Among the records below, find each line containing the word "origin" and copy it.

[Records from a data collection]
========

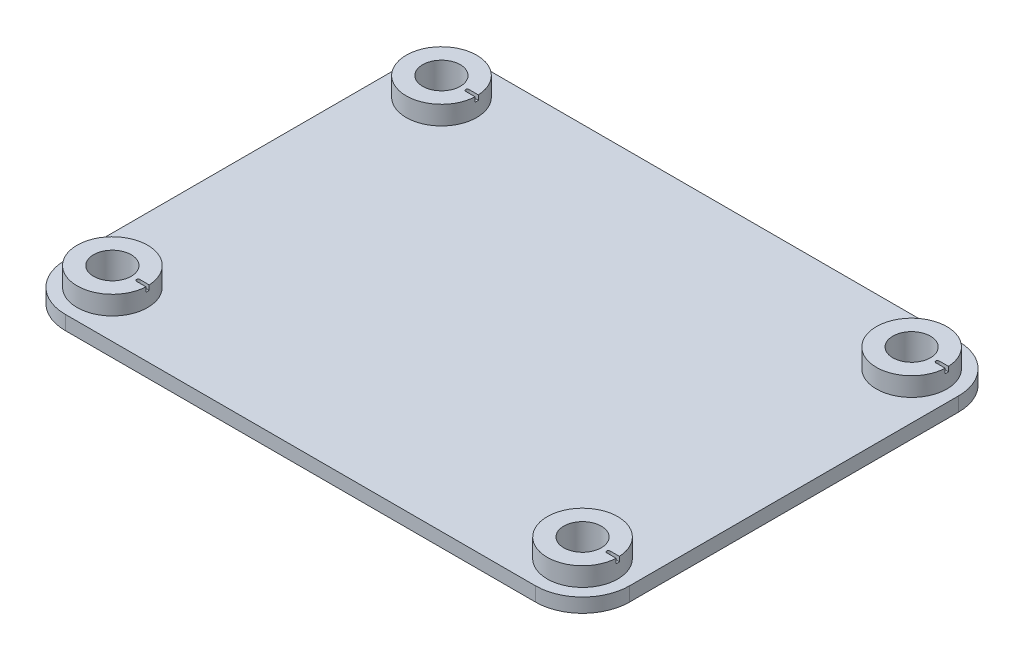
from build123d import *

# Parameters (mm, degrees)
SKETCH_1_R          = 30
EXTRUDE_1_DEPTH     = 10
SKETCH_2_R          = 40
EXTRUDE_2_DEPTH     = 60
CUT_EXTRUDE_START   = -40
SKETCH_3_R          = 75
CUT_EXTRUDE_1_DEPTH = 40
CUT_EXTRUDE_2_DEPTH = 10


with BuildPart() as part:
    # 草图1 → 凸台-拉伸1 (new body)
    with BuildSketch(Plane(origin=(0, 0, 0), x_dir=(1, 0, 0), z_dir=(0, 1, 0))):
        with BuildLine():
            Line((-500, -450), (500, -450))
            ThreePointArc((500, -450), (570.710678119, -420.710678119), (600, -350))
            Line((600, -350), (600, 350))
            ThreePointArc((600, 350), (570.710678119, 420.710678119), (500, 450))
            Line((500, 450), (-500, 450))
            ThreePointArc((-500, 450), (-570.710678119, 420.710678119), (-600, 350))
            Line((-600, 350), (-600, -350))
            ThreePointArc((-600, -350), (-570.710678119, -420.710678119), (-500, -450))
        make_face()
        with Locations((-500, 350)):
            Circle(SKETCH_1_R, mode=Mode.SUBTRACT)
        with Locations((500, 350)):
            Circle(SKETCH_1_R, mode=Mode.SUBTRACT)
        with Locations((-500, -350)):
            Circle(SKETCH_1_R, mode=Mode.SUBTRACT)
        with Locations((500, -350)):
            Circle(SKETCH_1_R, mode=Mode.SUBTRACT)
    extrude(amount=EXTRUDE_1_DEPTH)

    # 草图2 → 凸台-拉伸2 (add)
    with BuildSketch(Plane(origin=(0, 10, 0), x_dir=(1, 0, 0), z_dir=(0, 1, 0))):
        with BuildLine():
            Line((600, -350), (600, 350))
            ThreePointArc((600, 350), (570.710678119, 420.710678119), (500, 450))
            Line((500, 450), (-500, 450))
            ThreePointArc((-500, 450), (-570.710678119, 420.710678119), (-600, 350))
            Line((-600, 350), (-600, -350))
            ThreePointArc((-600, -350), (-570.710678119, -420.710678119), (-500, -450))
            Line((-500, -450), (500, -450))
            ThreePointArc((500, -450), (570.710678119, -420.710678119), (600, -350))
        make_face()
        with Locations((-500, 350)):
            Circle(SKETCH_2_R, mode=Mode.SUBTRACT)
        with Locations((-500, -350)):
            Circle(SKETCH_2_R, mode=Mode.SUBTRACT)
        with Locations((500, -350)):
            Circle(SKETCH_2_R, mode=Mode.SUBTRACT)
        with Locations((500, 350)):
            Circle(SKETCH_2_R, mode=Mode.SUBTRACT)
    extrude(amount=EXTRUDE_2_DEPTH)

    # 草图3 → 切除-拉伸1 (cut)
    with BuildSketch(Plane(origin=(0, 70, 0), x_dir=(1, 0, 0), z_dir=(0, 1, 0)).offset(CUT_EXTRUDE_START)):
        with BuildLine():
            Line((600, -350), (600, 350))
            ThreePointArc((600, 350), (570.710678119, 420.710678119), (500, 450))
            Line((500, 450), (-500, 450))
            ThreePointArc((-500, 450), (-570.710678119, 420.710678119), (-600, 350))
            Line((-600, 350), (-600, -350))
            ThreePointArc((-600, -350), (-570.710678119, -420.710678119), (-500, -450))
            Line((-500, -450), (500, -450))
            ThreePointArc((500, -450), (570.710678119, -420.710678119), (600, -350))
        make_face()
        with Locations((-500, 350)):
            Circle(SKETCH_3_R, mode=Mode.SUBTRACT)
        with Locations((-500, -350)):
            Circle(SKETCH_3_R, mode=Mode.SUBTRACT)
        with Locations((500, 350)):
            Circle(SKETCH_3_R, mode=Mode.SUBTRACT)
        with Locations((500, -350)):
            Circle(SKETCH_3_R, mode=Mode.SUBTRACT)
    extrude(amount=CUT_EXTRUDE_1_DEPTH, mode=Mode.SUBTRACT)

    # 草图7 → 切除-拉伸2 (cut)
    with BuildSketch(Plane(origin=(0, 70, 0), x_dir=(1, 0, 0), z_dir=(0, 1, 0))):
        with BuildLine():
            Line((-425, 346.5), (-445, 346.5))
            ThreePointArc((-445, 346.5), (-448.5, 350), (-445, 353.5))
            Line((-445, 353.5), (-425, 353.5))
            ThreePointArc((-425, 353.5), (-421.5, 350), (-425, 346.5))
        make_face()
        with BuildLine():
            Line((575, 346.5), (555, 346.5))
            ThreePointArc((555, 346.5), (551.5, 350), (555, 353.5))
            Line((555, 353.5), (575, 353.5))
            ThreePointArc((575, 353.5), (578.5, 350), (575, 346.5))
        make_face()
        with BuildLine():
            Line((575, -353.5), (555, -353.5))
            ThreePointArc((555, -353.5), (551.5, -350), (555, -346.5))
            Line((555, -346.5), (575, -346.5))
            ThreePointArc((575, -346.5), (578.5, -350), (575, -353.5))
        make_face()
        with BuildLine():
            Line((-425, -353.5), (-445, -353.5))
            ThreePointArc((-445, -353.5), (-448.5, -350), (-445, -346.5))
            Line((-445, -346.5), (-425, -346.5))
            ThreePointArc((-425, -346.5), (-421.5, -350), (-425, -353.5))
        make_face()
    extrude(amount=-CUT_EXTRUDE_2_DEPTH, mode=Mode.SUBTRACT)


solid = part.part

========

◆ **Answer to this exercise**
    with BuildSketch(Plane(origin=(0, 0, 0), x_dir=(1, 0, 0), z_dir=(0, 1, 0))):
    with BuildSketch(Plane(origin=(0, 10, 0), x_dir=(1, 0, 0), z_dir=(0, 1, 0))):
    with BuildSketch(Plane(origin=(0, 70, 0), x_dir=(1, 0, 0), z_dir=(0, 1, 0)).offset(CUT_EXTRUDE_START)):
    with BuildSketch(Plane(origin=(0, 70, 0), x_dir=(1, 0, 0), z_dir=(0, 1, 0))):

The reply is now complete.